Chained Equations: MICE works by imputing missing values in a sequence of steps, where each missing value is replaced using a predictive model based on the other variables. For instance, if a dataset has missing values in both age and income, MICE might first estimate the missing age values based on other variables like education and occupation, then use the newly imputed age values to help impute the missing income values.
Multiple Imputations: Instead of creating a single imputed dataset, MICE generates multiple datasets with slightly different imputed values for each missing observation. This process reflects the uncertainty around the true value of the missing data. After imputation, these datasets are analyzed separately, and the results are combined to produce a more robust, reliable final analysis.
Flexibility: MICE is highly flexible and can handle a variety of data types (numerical, categorical) and patterns of missingness. It allows for different models to be used for different variables, which can improve accuracy in datasets with diverse types of data.

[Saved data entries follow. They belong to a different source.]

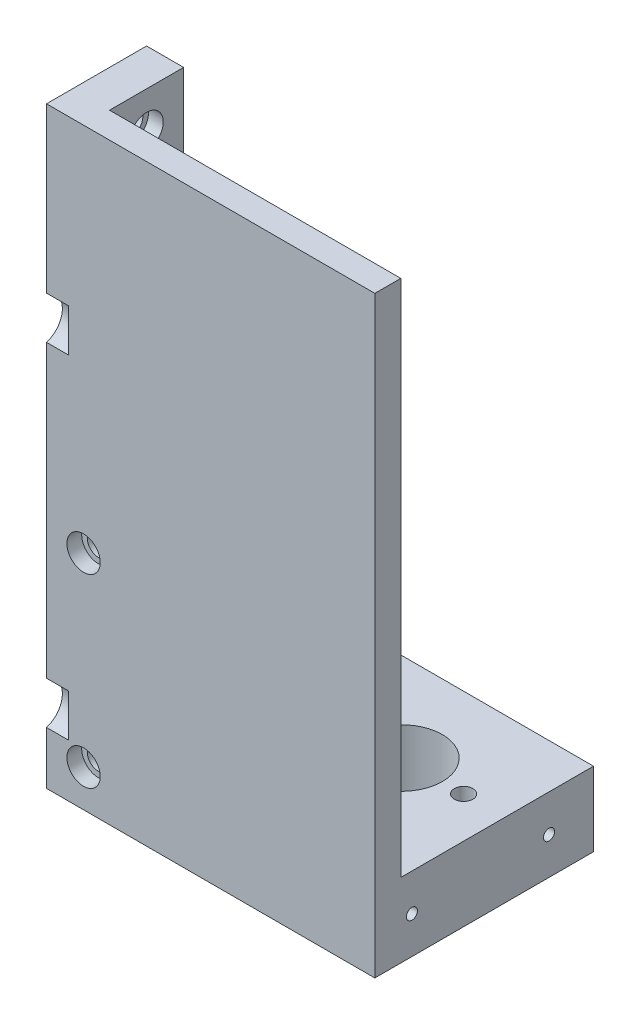
SolidWorks part; units mm, degrees
ref_plane "前视基准面" through (0, 0, 0) normal (0, 0, 1) x (1, 0, 0)
ref_plane "上视基准面" through (0, 0, 0) normal (0, 1, 0) x (1, 0, 0)
ref_plane "右视基准面" through (0, 0, 0) normal (1, 0, 0) x (0, 0, -1)
other "Configuration Table"
sketch "草图1" plane through (0, 0, 0) normal (0, 1, 0) x (1, 0, 0)
  line L0 (-8.375, 0) -> (8.375, 0)
  line L33 (-17.5, -17.5) -> (17.5, -17.5)
  line L34 (-17.5, -17.5) -> (-17.5, 17.5)
  line L35 (-17.5, 17.5) -> (17.5, 17.5)
  line L36 (17.5, -17.5) -> (17.5, 17.5)
  line L37 (-17.5, -17.5) -> (17.5, 17.5) construction
  line L38 (-17.5, 17.5) -> (17.5, -17.5) construction
  line L40 (-17.5, 17.5) -> (-20.4, 17.5)
  line L41 (-17.5, 17.5) -> (-17.5, -17.5)
  line L42 (-17.5, -17.5) -> (-20.4, -17.5)
  line L43 (-20.4, 17.5) -> (-20.4, -17.5)
  circle A0 centre (0, 0) radius 5.5
  circle A1 centre (-8.375, 0) radius 2
  circle A2 centre (-8.375, 0) radius 1.25
  circle A3 centre (8.375, 0) radius 2
  circle A4 centre (8.375, 0) radius 1.25
  circle A5 centre (0, -10.9) radius 1.25
  circle A6 centre (0, -10.9) radius 2
  point P0 (-90.6464, 22.0667)
  point P11 (0, 0)
  dimension "D1" = 11
  dimension "D2" = 35
  dimension "D3" = 16.75
  dimension "D4" = 2.5
  dimension "D5" = 4
  dimension "D6" = 2.9
extrude "凸台-拉伸1" add sketch "草图1" along normal blind 10 contours L40 L43 L42 L34 | L36 L35 L34 L33 | A0 | A2 | A4 | A5 region at (-18.95, 0, 0)
extrude "切除-拉伸1" cut sketch "草图1<16>" along normal offset from surface (7 mm away) 3 contours A1 | A6 | A3 up to face at (-1.45, 10, 0)
sketch "草图1<16>" plane through (0, 0, 0) normal (0, 1, 0) x (1, 0, 0) same geometry as "草图1"
sketch "草图2" plane through (-20.4, 0, 0) normal (-1, 0, 0) x (0, 0, 1)
  line L0 (-17.5, 0) -> (17.5, 0) construction
  line L1 (-12, 0) -> (-7.1, 0)
  line L2 (-12, 0) -> (-12, 10)
  line L3 (-12, 10) -> (-7.1, 10)
  line L4 (-7.1, 0) -> (-7.1, 10)
  line L5 (-17.5, 10) -> (17.5, 10) construction
  line L7 (17.5, 0) -> (13.1, 0)
  line L8 (17.5, 0) -> (17.5, 10)
  line L9 (17.5, 10) -> (13.1, 10)
  line L10 (13.1, 0) -> (13.1, 10)
  dimension "D1" = 4.9
  dimension "D2" = 4.4
extrude "凸台-拉伸2" add sketch "草图2" along normal blind 10 contours L2 L3 L4 L1 | L8 L9 L10 L7
sketch "草图3" plane through (0, 10, 0) normal (0, 1, 0) x (1, 0, 0)
  line L0 (17.5, -17.5) -> (17.5, 17.5) construction
  line L1 (17.5, -14) -> (-30.4, -14)
  line L2 (17.5, -14) -> (17.5, -17.5)
  line L3 (17.5, -17.5) -> (-30.4, -17.5)
  line L4 (-30.4, -14) -> (-30.4, -17.5)
  line L5 (17.5, -17.5) -> (-30.4, -17.5) construction
  dimension "D1" = 3.5
  dimension "D2" = 47.9
extrude "凸台-拉伸3" add sketch "草图3" along normal blind 70
sketch "草图4" plane through (-20.4, 0, 0) normal (-1, 0, 0) x (0, 0, 1)
  line L1 (-17.5, 0) -> (-12, 0)
  line L2 (-17.5, 0) -> (-17.5, 10)
  line L3 (-17.5, 10) -> (-12, 10)
  line L4 (-12, 0) -> (-12, 10)
extrude "切除-拉伸7" cut sketch "草图4" against normal through all
sketch "草图6" plane through (0, 10, 0) normal (0, 1, 0) x (1, 0, 0)
  line L0 (-20.4, 7.1) -> (-20.4, -13.1) construction
  line L1 (-30.4, -13.1) -> (-20.4, -13.1)
  line L2 (-30.4, -13.1) -> (-30.4, -14)
  line L3 (-30.4, -14) -> (-20.4, -14)
  line L4 (-20.4, -13.1) -> (-20.4, -14)
  line L5 (17.5, -14) -> (-30.4, -14) construction
extrude "切除-拉伸10" cut sketch "草图6" against normal through all contours L3 L4 L1 L2
sketch "草图8" plane through (0, 10, 0) normal (0, 1, 0) x (1, 0, 0)
  line L0 (-30.4, -17.5) -> (17.5, -17.5) construction
  line L1 (17.5, 12) -> (13.9, 12)
  line L2 (17.5, 12) -> (17.5, -17.5)
  line L3 (17.5, -17.5) -> (13.9, -17.5)
  line L4 (13.9, 12) -> (13.9, -17.5)
  line L5 (17.5, -14) -> (17.5, 12) construction
  line L6 (-30.4, 12) -> (17.5, 12) construction
  dimension "D1" = 3.6
extrude "切除-拉伸9" cut sketch "草图8" against normal through all both and the other way through all
sketch "草图9" plane through (0, 0, 14) normal (0, 0, -1) x (-1, 0, 0)
  line L1 (30.4, 80) -> (25.4, 80)
  line L2 (30.4, 80) -> (30.4, 70)
  line L3 (30.4, 70) -> (25.4, 70)
  line L4 (25.4, 80) -> (25.4, 70)
  dimension "D1" = 5
  dimension "D2" = 10
extrude "凸台-拉伸8" add sketch "草图9" along normal blind 10
sketch "草图10" plane through (0, 0, -12) normal (0, 0, -1) x (-1, 0, 0)
  line L0 (30.4, 0) -> (30.4, 10) construction
  circle A0 centre (25.4, 5) radius 2.25
  circle A1 centre (25.4, 5) radius 1.5
  circle A2 centre (25.4, 30) radius 2.25
  circle A3 centre (25.4, 30) radius 1.5
  point P10 (30.4, 5)
  dimension "D1" = 4.5
  dimension "D2" = 3
  dimension "D3" = 5
  dimension "D4" = 25
extrude "切除-拉伸11" cut sketch "草图10" against normal through all contours A1 | A3
extrude "切除-拉伸12" cut sketch "草图10<3>" against normal blind 2 contours A0
sketch "草图10<3>" plane through (0, 0, -12) normal (0, 0, -1) x (-1, 0, 0) same geometry as "草图10"
extrude "切除-拉伸13" cut sketch "草图10<5>" along normal blind 2 from surface contours A0 | A2 starting at face at (-26.9, 5, 17.5)
sketch "草图10<5>" plane through (0, 0, -12) normal (0, 0, -1) x (-1, 0, 0) same geometry as "草图10"
sketch "草图11" plane through (-25.4, 0, 0) normal (1, 0, 0) x (0, 0, -1)
  line L2 (-4, 80) -> (-14, 70) construction
  circle A0 centre (-9, 75) radius 1.5
  circle A1 centre (-9, 75) radius 2.25
  dimension "D1" = 3
  dimension "D2" = 4.5
extrude "切除-拉伸14" cut sketch "草图11" against normal blind 2 contours A1
extrude "切除-拉伸15" cut sketch "草图11<3>" against normal through all contours A0
sketch "草图11<3>" plane through (-25.4, 0, 0) normal (1, 0, 0) x (0, 0, -1) same geometry as "草图11"
sketch "草图12" plane through (13.9, 0, 0) normal (1, 0, 0) x (0, 0, -1)
  circle A0 centre (6, 5) radius 0.75
  circle A1 centre (-12.5, 5) radius 0.75
  dimension "D1" = 1.5
extrude "切除-拉伸16" cut sketch "草图12" against normal blind 4 contours A0 | A1
sketch "草图13" plane through (0, 0, -12) normal (0, 0, -1) x (-1, 0, 0)
  circle A0 centre (15.1, 5) radius 0.75
  dimension "D1" = 1.5
extrude "切除-拉伸17" cut sketch "草图13" against normal blind 4 contours A0
sketch "草图14" plane through (13.9, 0, 0) normal (1, 0, 0) x (0, 0, -1)
  circle A0 centre (-18.3586, 54.999) radius 3
  circle A1 centre (-18.3586, 9.999) radius 3
  point P4 (0, 0)
  point P5 (0, 0)
  dimension "D1" = 6
extrude "切除-拉伸18" cut sketch "草图14" along normal blind 3 from surface starting at face at (-30.4, 75, 7.5)

MICE is particularly effective when dealing with datasets where the relationships between variables are complex, and it helps to account for the uncertainty associated with missing values by creating multiple plausible imputed datasets.

KNN Imputation

KNN[3] imputation is another popular multivariate technique that uses a proximity-based approach to estimate missing values. Unlike MICE, which relies on regression models, KNN imputation estimates missing values based on the values of "neighboring" observations in the dataset.

Neighbor-Based Imputation: KNN imputation works by identifying the K observations (or "neighbors") that are most similar to the observation with the missing value. The missing value is then imputed by averaging (or taking the most frequent category, in the case of categorical data) the values of these neighbors. For numerical data, the neighbors are chosen based on the Euclidean distance or another distance metric that reflects similarity between observations.
Using Relationships Between Variables: KNN imputation takes into account the relationships between all variables in the dataset when calculating proximity between observations. For example, if income data is missing for a certain observation, KNN would search for other observations with similar characteristics (such as age, education, and occupation) and use their income values to estimate the missing one.
Non-Parametric: One of the main advantages of KNN imputation is that it is non-parametric, meaning it does not make assumptions about the underlying distribution of the data. This makes it particularly useful for datasets with non-linear relationships or variables that do not follow normal distributions.
Flexibility Across Data Types: KNN imputation can be applied to both numerical and categorical data, making it versatile across different types of datasets. However, it can become computationally intensive for large datasets, especially when the number of neighbors (K) or the number of variables is large.

Conclusion

Effectively handling missing data is essential for ensuring the accuracy and reliability of any analysis, particularly in machine learning and statistical modeling. Univariate imputation methods offer simplicity and efficiency for small, independent datasets, while multivariate approaches like MICE and KNN provide more sophisticated solutions by leveraging the relationships between variables. Choosing the right imputation method depends on the nature of the dataset and the patterns of missingness. Ultimately, by addressing missing data thoughtfully and appropriately, analysts can preserve the integrity of their models and make better-informed decisions based on complete, reliable datasets.

References

[1] Rubin, D. B. (1976). Inference and missing data. Biometrika, 63(3), 581-592.

[2] White, I. R., Royston, P., & Wood, A. M. (2011). Multiple imputation using chained equations: issues and guidance for practice. Statistics in medicine, 30(4), 377-399.

[3] Peterson, L. E. (2009). K-nearest neighbor. Scholarpedia, 4(2), 1883.

[4] K-nearest neighbor, Scholarpedia

[5] Nakagawa, S., & Freckleton, R. P. (2008). Missing inaction: the dangers of ignoring missing data. Trends in ecology & evolution, 23(11), 592-596.